Does anyone know whether, Sigsmund's armour was yellow like the traditional Imperial Fist colours and bore his heraldry, the black cross, or was it black like the Emperor's Champions of the Black Templars. I'd prefer it was yellow, but I'm slightly worried when he shows up later on in the HH series, it'll be black, since I want to paint the original model in his likeness.


----------



## Rems (Jun 20, 2011)

I believe it only became black once he took up the mantle of Emperor's Champion during the Siege of Terra. So it depends on when exactly your heresy -era army is set.


----------



## Child-of-the-Emperor (Feb 22, 2009)

It is also interesting to note that Dorn himself garbed himself in Black armour following the Heresy.


----------



## Phoebus (Apr 17, 2010)

CotE, good observation!

I like touches like that, they add to the mystique and history of a Chapter.


----------



## Caratacos (Aug 26, 2008)

From page 130, Horus Rising, 5th anniversary edition, by Dan Abnett:



> "The first two were Astartes of the Imperial Fists, almost glowing in their yellow plate.
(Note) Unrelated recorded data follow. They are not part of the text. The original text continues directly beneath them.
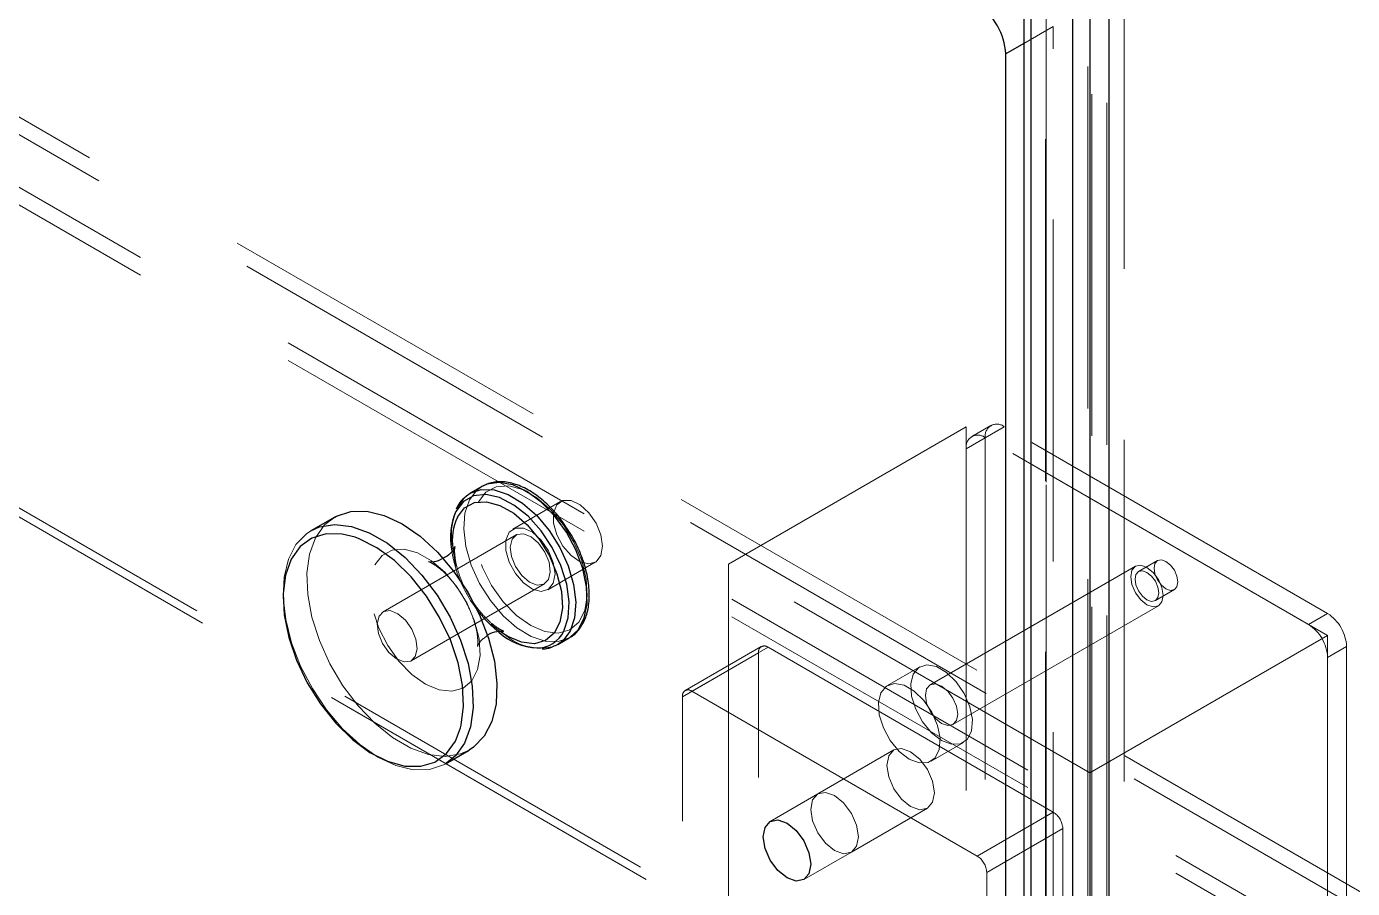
# Model space of a CAD drawing. Header units: millimetres. Extents: x 108 to 5832, y 144 to 4056.
# Drawn here: x 5139.7 to 5238.3, y 2594.4 to 2658.5 of the extents above; entities that cross this region are included whole.
import ezdxf

# ---------------------------------------------------------------- set-up
doc = ezdxf.new("R2010")
doc.units = ezdxf.units.MM
doc.header["$LTSCALE"] = 20
doc.linetypes.add('HIDDEN', pattern=[1.905, 1.27, -0.635])

msp = doc.modelspace()

# ---------------------------------------------------------------- linework, layer by layer
at = {"color": 1, "linetype": 'HIDDEN', "lineweight": 18}
for p, q in [((5316.36, 2519.707), (4135.492, 3201.407)), ((5317.36, 2519.806), (4136.492, 3201.506)), ((5317.774, 2518.89), (4136.906, 3200.591)), ((4363.463, 3099.536), (5280.156, 2570.341)), ((4364.17, 3097.822), (5280.156, 2569.034)), ((5280.156, 2565.115), (4364.17, 3093.902)), ((5280.156, 2563.808), (4363.463, 3093.004)), ((5218.638, 2401.492), (5218.638, 2919.983)), ((5218.921, 2920.147), (5218.921, 2401.328)), ((5221.325, 2411.861), (5221.325, 2920.227)), ((5220.052, 2919.494), (5220.052, 2400.675)), ((5214.395, 2409.167), (5214.395, 2917.533)), ((5215.468, 2916.799), (5215.468, 2408.432)), ((5215.527, 2408.514), (5215.527, 2916.88)), ((5215.527, 2916.717), (5215.527, 2408.35)), ((5216.057, 2658.471), (5213.868, 2657.207)), ((5216.057, 2542.522), (5216.057, 2658.471)), ((5211.415, 2628.822), (5210.001, 2628.006)), ((5191.909, 2618.518), (5209.587, 2628.723)), ((5236.457, 2613.212), (5209.587, 2628.723)), ((5209.587, 2628.723), (5209.587, 2571.566)), ((5209.587, 2627.09), (5211.001, 2627.907)), ((5212.416, 2628.723), (5211.001, 2627.907)), ((5235.043, 2614.028), (5211.001, 2627.907)), ((5211.001, 2627.907), (5211.001, 2572.545)), ((5236.457, 2614.844), (5212.416, 2628.723)), ((5209.587, 2627.09), (5209.587, 2571.729)), ((5179.402, 2623.158), (5175.866, 2621.117)), ((5176.116, 2620.684), (5166.217, 2614.97)), ((5178.466, 2616.614), (5182.002, 2618.655)), ((5218.78, 2603.007), (5191.909, 2618.518)), ((5191.909, 2618.518), (5191.909, 2561.361)), ((5222.172, 2618.357), (5206.899, 2609.54)), ((5223.811, 2618.784), (5222.397, 2617.967)), ((5168.317, 2611.332), (5178.216, 2617.047)), ((5223.647, 2615.802), (5225.061, 2616.619)), ((5208.598, 2606.595), (5223.872, 2615.413)), ((5235.043, 2614.028), (5236.457, 2614.844)), ((5218.78, 2603.007), (5236.457, 2613.212)), ((5236.457, 2556.054), (5236.457, 2613.212)), ((5194.344, 2612.383), (5188.687, 2609.117)), ((5194.844, 2612.333), (5189.187, 2609.068)), ((5194.844, 2612.333), (5216.057, 2600.087)), ((5237.871, 2612.395), (5236.457, 2611.579)), ((5237.871, 2612.395), (5237.871, 2573.201)), ((5188.48, 2608.659), (5194.137, 2611.925)), ((5194.137, 2564.566), (5194.137, 2611.925)), ((5236.457, 2611.579), (5236.457, 2572.385)), ((5206.124, 2610.882), (5203.72, 2609.494)), ((5189.187, 2609.068), (5210.4, 2596.822)), ((5188.48, 2561.3), (5188.48, 2608.659)), ((5206.969, 2603.865), (5209.373, 2605.253)), ((5204.201, 2604.701), (5198.544, 2601.435)), ((5198.544, 2601.435), (5195.008, 2599.394)), ((5201.044, 2597.105), (5206.7, 2600.371)), ((5210.4, 2596.822), (5216.057, 2600.087)), ((5216.764, 2598.862), (5211.107, 2595.597)), ((5216.764, 2598.862), (5216.764, 2551.503)), ((5197.508, 2595.064), (5201.044, 2597.105)), ((5211.107, 2595.597), (5211.107, 2548.237))]:
    msp.add_line(p, q, dxfattribs=at)
at = {"color": 7, "linetype": 'Continuous', "lineweight": 25}
for p, q in [((5217.507, 2400.838), (5217.507, 2919.33)), ((5218.779, 2919.01), (5218.779, 2399.69)), ((5220.194, 2918.193), (5220.194, 2398.873)), ((5213.868, 2916.799), (5213.868, 2408.432)), ((5214.395, 2916.064), (5214.395, 2407.697)), ((5212.522, 2540.481), (5212.522, 2656.43)), ((5173.563, 2624.291), (5172.706, 2623.796)), ((5162.621, 2622.015), (5160.853, 2620.995)), ((5179.206, 2612.538), (5180.062, 2613.032)), ((5179.206, 2612.538), (5179.028, 2612.446)), ((5170.852, 2603.674), (5172.62, 2604.695))]:
    msp.add_line(p, q, dxfattribs=at)
at = {"color": 8, "linetype": 'Continuous', "lineweight": 25}
for p, q in [((5213.868, 2657.207), (5212.522, 2656.43)), ((5171.603, 2605.368), (5171.98, 2606.349))]:
    msp.add_line(p, q, dxfattribs=at)
at = {"color": 1, "linetype": 'HIDDEN', "lineweight": 18, "flags": 128}
for points in [[(5173.563, 2624.291), (5173.191, 2624.02), (5172.636, 2623.288)], [(5173.311, 2623.137), (5173.872, 2623.855), (5174.641, 2624.26), (5175.568, 2624.327), (5176.596, 2624.05), (5177.659, 2623.447), (5178.692, 2622.557), (5179.628, 2621.434), (5180.41, 2620.15), (5180.988, 2618.786), (5181.326, 2617.426), (5181.403, 2616.157), (5181.213, 2615.059), (5180.769, 2614.199), (5180.099, 2613.632), (5179.244, 2613.395), (5178.259, 2613.501), (5177.205, 2613.944), (5176.149, 2614.697), (5175.157, 2615.711), (5174.29, 2616.924), (5173.605, 2618.259), (5173.143, 2619.631), (5172.935, 2620.956), (5172.992, 2622.149), (5173.311, 2623.137)], [(5172.636, 2623.288), (5172.306, 2622.307), (5172.219, 2621.129), (5172.38, 2619.818), (5172.78, 2618.444), (5173.397, 2617.083), (5174.198, 2615.806), (5175.14, 2614.684), (5176.172, 2613.775), (5177.239, 2613.131), (5178.283, 2612.784), (5179.248, 2612.754), (5180.062, 2613.032)], [(5182.54, 2619.845), (5182.416, 2620.684), (5182.06, 2621.553), (5181.521, 2622.334), (5180.871, 2622.923), (5180.199, 2623.239), (5179.594, 2623.24), (5179.139, 2622.927), (5178.895, 2622.34), (5178.895, 2621.56), (5179.139, 2620.691), (5179.594, 2619.852), (5180.199, 2619.155), (5180.871, 2618.695), (5181.521, 2618.533), (5182.06, 2618.692), (5182.416, 2619.15), (5182.54, 2619.845)], [(5161.195, 2620.473), (5161.869, 2621.426), (5162.621, 2622.015)], [(5170.852, 2603.674), (5170.721, 2603.602), (5169.662, 2603.256), (5168.466, 2603.238), (5167.175, 2603.55), (5165.837, 2604.178), (5164.499, 2605.102), (5163.21, 2606.286), (5162.016, 2607.69), (5160.961, 2609.261), (5160.083, 2610.943), (5159.414, 2612.676), (5158.977, 2614.396), (5158.789, 2616.042), (5158.856, 2617.554), (5159.175, 2618.877), (5159.737, 2619.963), (5160.519, 2620.774), (5160.853, 2620.995)], [(5179.005, 2617.804), (5178.88, 2618.643), (5178.525, 2619.512), (5177.986, 2620.293), (5177.336, 2620.882), (5176.663, 2621.198), (5176.058, 2621.199), (5175.603, 2620.886), (5175.359, 2620.299), (5175.359, 2619.519), (5175.603, 2618.65), (5176.058, 2617.811), (5176.663, 2617.114), (5177.336, 2616.654), (5177.986, 2616.492), (5178.525, 2616.651), (5178.88, 2617.109), (5179.005, 2617.804)], [(5172.62, 2604.695), (5171.979, 2604.409), (5170.846, 2604.227), (5169.597, 2604.374), (5168.277, 2604.846), (5166.932, 2605.625), (5165.613, 2606.684), (5164.366, 2607.984), (5163.237, 2609.478), (5162.266, 2611.112), (5161.489, 2612.828), (5160.933, 2614.562), (5160.619, 2616.253), (5160.558, 2617.839), (5160.752, 2619.263), (5161.195, 2620.473)], [(5175.817, 2620.36), (5176.157, 2620.706), (5176.65, 2620.771), (5177.223, 2620.547), (5177.786, 2620.066), (5178.255, 2619.403), (5178.559, 2618.658), (5178.65, 2617.944), (5178.516, 2617.371), (5178.176, 2617.025), (5177.682, 2616.96), (5177.11, 2617.185), (5176.546, 2617.665), (5176.077, 2618.329), (5175.774, 2619.074), (5175.682, 2619.787), (5175.817, 2620.36)], [(5165.618, 2618.469), (5166.16, 2619.162), (5166.901, 2619.554), (5167.796, 2619.618), (5168.788, 2619.35), (5169.814, 2618.769), (5170.811, 2617.909), (5171.715, 2616.826), (5172.47, 2615.587), (5173.027, 2614.27), (5173.354, 2612.958), (5173.427, 2611.733), (5173.244, 2610.673), (5172.816, 2609.843), (5172.169, 2609.296), (5171.344, 2609.067), (5170.393, 2609.169), (5169.376, 2609.597), (5168.357, 2610.323), (5167.399, 2611.302), (5166.563, 2612.473), (5165.902, 2613.761), (5165.456, 2615.086), (5165.255, 2616.364), (5165.31, 2617.516), (5165.618, 2618.469)], [(5171.648, 2618.365), (5171.58, 2618.621), (5171.396, 2619.677)], [(5223.022, 2615.497), (5223.482, 2615.337), (5223.872, 2615.413), (5224.133, 2615.713), (5224.224, 2616.191), (5224.133, 2616.775), (5223.872, 2617.376), (5223.482, 2617.902), (5223.022, 2618.273), (5222.562, 2618.433), (5222.172, 2618.357), (5221.911, 2618.057), (5221.82, 2617.579), (5221.911, 2616.995), (5222.172, 2616.394), (5222.562, 2615.868), (5223.022, 2615.497)], [(5223.906, 2616.375), (5223.839, 2616.804), (5223.647, 2617.246), (5223.36, 2617.633), (5223.022, 2617.905), (5222.684, 2618.023), (5222.397, 2617.967), (5222.205, 2617.747), (5222.138, 2617.395), (5222.205, 2616.966), (5222.397, 2616.524), (5222.684, 2616.137), (5223.022, 2615.864), (5223.36, 2615.747), (5223.647, 2615.802), (5223.839, 2616.023), (5223.906, 2616.375)], [(5223.552, 2618.212), (5223.62, 2618.563), (5223.811, 2618.784), (5224.098, 2618.84), (5224.436, 2618.722), (5224.774, 2618.449), (5225.061, 2618.062), (5225.253, 2617.62), (5225.32, 2617.191), (5225.253, 2616.839), (5225.061, 2616.619), (5224.774, 2616.563), (5224.436, 2616.681), (5224.098, 2616.954), (5223.811, 2617.34), (5223.62, 2617.782), (5223.552, 2618.212)], [(5165.917, 2614.646), (5166.257, 2614.991), (5166.751, 2615.057), (5167.323, 2614.832), (5167.887, 2614.351), (5168.356, 2613.688), (5168.659, 2612.943), (5168.75, 2612.229), (5168.616, 2611.656), (5168.276, 2611.311), (5167.782, 2611.245), (5167.21, 2611.47), (5166.647, 2611.95), (5166.178, 2612.614), (5165.874, 2613.359), (5165.783, 2614.072), (5165.917, 2614.646)], [(5175.108, 2613.376), (5174.481, 2613.858), (5174.229, 2614.086)], [(5207.749, 2605.414), (5208.495, 2605.127), (5209.16, 2605.159), (5209.673, 2605.506), (5209.976, 2606.13), (5210.039, 2606.965), (5209.853, 2607.919), (5209.439, 2608.889), (5208.842, 2609.77), (5208.127, 2610.467), (5207.37, 2610.904), (5206.655, 2611.033), (5206.058, 2610.841), (5205.644, 2610.349), (5205.458, 2609.609), (5205.521, 2608.702), (5205.825, 2607.727), (5206.337, 2606.788), (5207.002, 2605.988), (5207.749, 2605.414)], [(5205.344, 2604.026), (5206.091, 2603.739), (5206.756, 2603.771), (5207.268, 2604.118), (5207.572, 2604.742), (5207.635, 2605.577), (5207.449, 2606.531), (5207.035, 2607.501), (5206.438, 2608.382), (5205.723, 2609.079), (5204.966, 2609.516), (5204.251, 2609.645), (5203.654, 2609.453), (5203.24, 2608.961), (5203.054, 2608.221), (5203.117, 2607.314), (5203.421, 2606.339), (5203.933, 2605.4), (5204.598, 2604.601), (5205.344, 2604.026)], [(5207.749, 2606.679), (5208.209, 2606.52), (5208.599, 2606.595), (5208.859, 2606.895), (5208.951, 2607.374), (5208.859, 2607.958), (5208.599, 2608.558), (5208.209, 2609.085), (5207.749, 2609.456), (5207.289, 2609.616), (5206.899, 2609.54), (5206.638, 2609.24), (5206.546, 2608.762), (5206.638, 2608.178), (5206.899, 2607.577), (5207.289, 2607.051), (5207.749, 2606.679)], [(5205.45, 2600.494), (5204.774, 2601.04), (5204.2, 2601.814), (5203.817, 2602.698), (5203.683, 2603.556), (5203.817, 2604.26), (5204.2, 2604.701), (5204.774, 2604.812), (5205.45, 2604.577), (5206.127, 2604.031), (5206.7, 2603.258), (5207.084, 2602.374), (5207.218, 2601.515), (5207.084, 2600.812), (5206.7, 2600.371), (5206.127, 2600.259), (5205.45, 2600.494)], [(5199.794, 2597.229), (5199.117, 2597.775), (5198.544, 2598.548), (5198.16, 2599.432), (5198.026, 2600.291), (5198.16, 2600.994), (5198.544, 2601.435), (5199.117, 2601.547), (5199.794, 2601.312), (5200.47, 2600.766), (5201.044, 2599.992), (5201.427, 2599.109), (5201.561, 2598.25), (5201.427, 2597.546), (5201.044, 2597.105), (5200.47, 2596.994), (5199.794, 2597.229)], [(5198.026, 2600.291), (5198.16, 2600.994), (5198.544, 2601.435), (5199.117, 2601.547), (5199.794, 2601.312), (5200.47, 2600.766), (5201.044, 2599.992), (5201.427, 2599.109), (5201.561, 2598.25), (5201.427, 2597.546), (5201.044, 2597.105), (5200.47, 2596.994), (5199.794, 2597.229), (5199.117, 2597.775), (5198.544, 2598.548), (5198.16, 2599.432), (5198.026, 2600.291)]]:
    msp.add_lwpolyline(points, dxfattribs=at)
at = {"color": 8, "linetype": 'Continuous', "lineweight": 25, "flags": 128}
for points in [[(5172.706, 2623.796), (5173.521, 2624.074), (5174.486, 2624.045), (5175.529, 2623.698), (5176.596, 2623.053), (5177.629, 2622.145), (5178.571, 2621.023), (5179.372, 2619.746), (5179.989, 2618.385), (5180.389, 2617.011), (5180.549, 2615.7), (5180.462, 2614.522), (5180.133, 2613.54)], [(5180.134, 2613.075), (5180.738, 2613.635), (5181.184, 2614.498), (5181.394, 2615.585), (5181.356, 2616.838), (5181.074, 2618.189), (5180.563, 2619.566), (5179.849, 2620.894), (5178.971, 2622.102), (5177.977, 2623.124), (5176.92, 2623.906), (5175.857, 2624.405), (5174.846, 2624.594), (5173.941, 2624.464), (5173.563, 2624.291)], [(5179.666, 2613.542), (5179.991, 2614.526), (5180.063, 2615.711), (5179.879, 2617.029), (5179.45, 2618.403), (5178.799, 2619.753), (5177.965, 2621.001), (5176.997, 2622.073), (5175.951, 2622.908), (5174.887, 2623.458), (5173.867, 2623.689), (5172.951, 2623.59), (5172.192, 2623.165), (5171.634, 2622.439), (5171.601, 2622.373)], [(5171.742, 2622.004), (5172.284, 2622.698), (5173.025, 2623.089), (5173.92, 2623.153), (5174.912, 2622.885), (5175.938, 2622.304), (5176.935, 2621.444), (5177.839, 2620.361), (5178.593, 2619.122), (5179.151, 2617.805), (5179.477, 2616.493), (5179.551, 2615.268), (5179.368, 2614.208), (5178.94, 2613.378), (5178.293, 2612.831), (5177.468, 2612.602), (5176.517, 2612.704), (5175.5, 2613.132), (5175.108, 2613.376)], [(5164.147, 2620.509), (5163.165, 2620.752), (5161.981, 2620.77), (5160.932, 2620.456), (5160.059, 2619.822), (5159.395, 2618.892), (5158.965, 2617.703), (5158.786, 2616.3), (5158.866, 2614.736), (5159.2, 2613.072), (5159.776, 2611.372), (5160.572, 2609.701), (5161.558, 2608.124), (5162.695, 2606.7), (5163.94, 2605.485), (5165.244, 2604.526), (5166.559, 2603.859), (5167.832, 2603.509), (5169.017, 2603.491), (5170.065, 2603.805), (5170.939, 2604.439), (5171.603, 2605.368), (5171.603, 2605.368)], [(5180.133, 2613.54), (5179.578, 2612.808), (5179.206, 2612.538)]]:
    msp.add_lwpolyline(points, dxfattribs=at)
at = {"color": 7, "linetype": 'Continuous', "lineweight": 25, "flags": 128}
for points in [[(5172.417, 2623.597), (5172.688, 2623.785), (5172.706, 2623.796)], [(5162.621, 2622.015), (5162.752, 2622.087), (5163.811, 2622.433), (5165.007, 2622.451), (5166.298, 2622.14), (5167.636, 2621.511), (5168.974, 2620.588), (5170.263, 2619.403), (5171.456, 2618), (5172.511, 2616.428), (5173.389, 2614.746), (5174.059, 2613.014), (5174.496, 2611.293), (5174.684, 2609.647), (5174.617, 2608.136), (5174.297, 2606.813), (5173.736, 2605.726), (5172.954, 2604.915), (5172.62, 2604.695)], [(5160.853, 2620.995), (5161.494, 2621.28), (5162.626, 2621.463), (5163.875, 2621.316), (5165.196, 2620.844), (5166.54, 2620.064), (5167.86, 2619.005), (5169.107, 2617.705), (5170.236, 2616.211), (5171.207, 2614.577), (5171.984, 2612.862), (5172.54, 2611.127), (5172.854, 2609.437), (5172.915, 2607.851), (5172.72, 2606.427), (5172.278, 2605.217)], [(5171.98, 2606.349), (5172.033, 2606.558), (5172.212, 2607.961), (5172.132, 2609.525), (5171.798, 2611.189), (5171.222, 2612.889), (5170.426, 2614.559), (5169.44, 2616.137), (5168.303, 2617.56), (5167.058, 2618.775), (5165.754, 2619.735), (5164.439, 2620.402), (5164.147, 2620.509)], [(5180.062, 2613.032), (5180.081, 2613.043), (5180.134, 2613.075)], [(5172.278, 2605.217), (5171.603, 2604.263), (5170.852, 2603.674)], [(5194.49, 2598.25), (5194.625, 2598.953), (5195.008, 2599.394), (5195.582, 2599.506), (5196.258, 2599.271), (5196.935, 2598.725), (5197.508, 2597.951), (5197.891, 2597.068), (5198.026, 2596.209), (5197.891, 2595.505), (5197.508, 2595.064), (5196.935, 2594.953), (5196.258, 2595.188), (5195.582, 2595.734), (5195.008, 2596.507), (5194.625, 2597.391), (5194.49, 2598.25)]]:
    msp.add_lwpolyline(points, dxfattribs=at)
at = {"color": 7, "linetype": 'Continuous', "lineweight": 25}
for centre, radius, start, end in [((5207.916, 2656.22), 4.611, 2.60609, 57.39391), ((5176.207, 2620.472), 4.983, 157.57916, 189.77863), ((5177.893, 2616.869), 4.59, 228.37492, 267.09539)]:
    msp.add_arc(centre, radius, start, end, dxfattribs=at)
at = {"color": 1, "linetype": 'HIDDEN', "lineweight": 18}
for centre, radius, start, end in [((5211.863, 2628.047), 0.873, 50.79469, 189.21014), ((5210.449, 2627.23), 0.873, 50.79469, 189.21014), ((5175.55, 2620.729), 4.248, 137.52806, 197.32768), ((5181.103, 2621.137), 9.922, 188.76138, 230.88988), ((5233.386, 2611.439), 3.074, 2.60912, 57.39285), ((5234.801, 2612.255), 3.074, 2.60912, 57.39285), ((5177.898, 2616.278), 3.995, 223.52873, 286.42464), ((5194.568, 2611.995), 0.437, 50.80219, 189.21448), ((5188.911, 2608.729), 0.437, 50.80219, 189.21448), ((5215.229, 2598.792), 1.537, 2.61439, 57.39153), ((5209.572, 2595.527), 1.537, 2.61439, 57.39153)]:
    msp.add_arc(centre, radius, start, end, dxfattribs=at)
at = {"color": 8, "linetype": 'Continuous', "lineweight": 25}
for centre, radius, start, end in [((5175.841, 2620.206), 4.476, 156.31361, 186.7829), ((5177.67, 2614.498), 2.213, 269.73529, 334.39803)]:
    msp.add_arc(centre, radius, start, end, dxfattribs=at)
at = {"color": 7, "linetype": 'Continuous', "lineweight": 25}
for points, knots in [([(5179.822, 2621.277), (5179.698, 2621.469), (5179.316, 2622.062), (5178.529, 2622.907), (5177.52, 2623.752), (5176.457, 2624.346), (5175.4, 2624.651), (5174.385, 2624.664), (5173.815, 2624.401), (5173.536, 2624.273)], [0, 0, 0, 0, 0.073629, 0.228015, 0.38297, 0.538875, 0.69575, 0.851285, 1, 1, 1, 1]), ([(5172.392, 2623.541), (5172.222, 2623.406), (5171.909, 2623.158), (5171.733, 2622.767), (5171.653, 2622.588)], [0, 0, 0, 0, 0.541999, 1, 1, 1, 1]), ([(5180.138, 2613.09), (5180.157, 2613.098), (5180.451, 2613.22), (5180.87, 2613.718), (5181.332, 2614.541), (5181.561, 2615.581), (5181.568, 2616.768), (5181.346, 2618.062), (5180.898, 2619.381), (5180.379, 2620.481), (5179.964, 2621.074), (5179.822, 2621.277)], [0, 0, 0, 0, 0.008847, 0.135191, 0.261312, 0.391228, 0.524947, 0.660076, 0.795006, 0.92969, 1, 1, 1, 1]), ([(5171.516, 2619.722), (5171.482, 2619.663), (5171.382, 2619.489), (5171.067, 2619.126), (5170.735, 2618.978), (5170.608, 2618.922)], [0, 0, 0, 0, 0.238789, 0.707087, 1, 1, 1, 1]), ([(5171.561, 2619.81), (5171.563, 2619.82), (5171.57, 2619.853), (5171.538, 2619.776), (5171.516, 2619.722)], [0, 0, 0, 0, 0.294576, 1, 1, 1, 1]), ([(5173.976, 2613.214), (5173.99, 2613.226), (5174.193, 2613.397), (5174.686, 2613.538), (5175.146, 2613.547), (5175.172, 2613.538), (5175.183, 2613.534)], [0, 0, 0, 0, 0.030432, 0.45361, 0.76865, 1, 1, 1, 1]), ([(5178.045, 2612.232), (5178.156, 2612.228), (5178.501, 2612.213), (5178.792, 2612.363), (5178.989, 2612.465)], [0, 0, 0, 0, 0.3222655, 1, 1, 1, 1])]:
    msp.add_open_spline(points, degree=3, knots=knots, dxfattribs=at)
at = {"color": 1, "linetype": 'HIDDEN', "lineweight": 18}
for points, knots in [([(5170.608, 2618.922), (5170.509, 2618.865), (5170.224, 2618.703), (5169.788, 2618.672), (5169.548, 2618.704), (5169.626, 2618.697), (5169.97, 2618.529), (5170.485, 2618.158), (5171.098, 2617.574), (5171.733, 2616.795), (5172.32, 2615.869), (5172.793, 2614.878), (5173.11, 2613.924), (5173.259, 2613.116), (5173.27, 2612.558), (5173.222, 2612.333), (5173.249, 2612.458), (5173.472, 2612.842), (5173.805, 2613.087), (5173.976, 2613.214)], [0, 0, 0, 0, 0.038035, 0.108946, 0.167843, 0.223973, 0.276699, 0.330486, 0.386408, 0.444946, 0.505429, 0.56675, 0.627452, 0.686502, 0.743895, 0.801261, 0.861657, 0.92864, 1, 1, 1, 1]), ([(5172.307, 2616.748), (5172.296, 2616.767), (5172.104, 2617.107), (5171.853, 2617.796), (5171.602, 2618.688), (5171.524, 2619.417), (5171.543, 2619.644), (5171.552, 2619.756)], [0, 0, 0, 0, 0.015181, 0.270224, 0.520119, 0.762512, 1, 1, 1, 1]), ([(5175.183, 2613.534), (5175.192, 2613.533), (5175.238, 2613.526), (5175.032, 2613.588), (5174.62, 2613.84), (5174.046, 2614.308), (5173.419, 2614.985), (5172.846, 2615.751), (5172.552, 2616.301), (5172.428, 2616.533)], [0, 0, 0, 0, 0.040655, 0.201025, 0.358773, 0.521621, 0.691992, 0.869544, 1, 1, 1, 1])]:
    msp.add_open_spline(points, degree=3, knots=knots, dxfattribs=at)

doc.saveas('drawing.dxf')

The third was... Rogal Dorn..."


Page 133,



> "Abaddon introduced them as Sigismund, First Captain of the Imperial Fists, resplendent in black and white heraldry, and Efried..."


----------



## Words_of_Truth (Sep 20, 2007)

Hmm, I've currently painted mine in the golden yellow all my fists will be, but with his shoulder pads and emblems in black and white. Think it looks quite nice, I don't really want him to look like a generic Black Templar Emperor's Champion 

He does get "the best armour available" before the siege takes place, so those two quotes are set before he gets the armour.


----------



## Fulgrim308 (Feb 18, 2012)

Sigismunds armour was black with a secondary colour of gold/yellow


----------



## Baron Spikey (Mar 26, 2008)

Fulgrim308 said:


> Sigismunds armour was black with a secondary colour of gold/yellow


When he became Emperor's Champion maybe but before that- no.


----------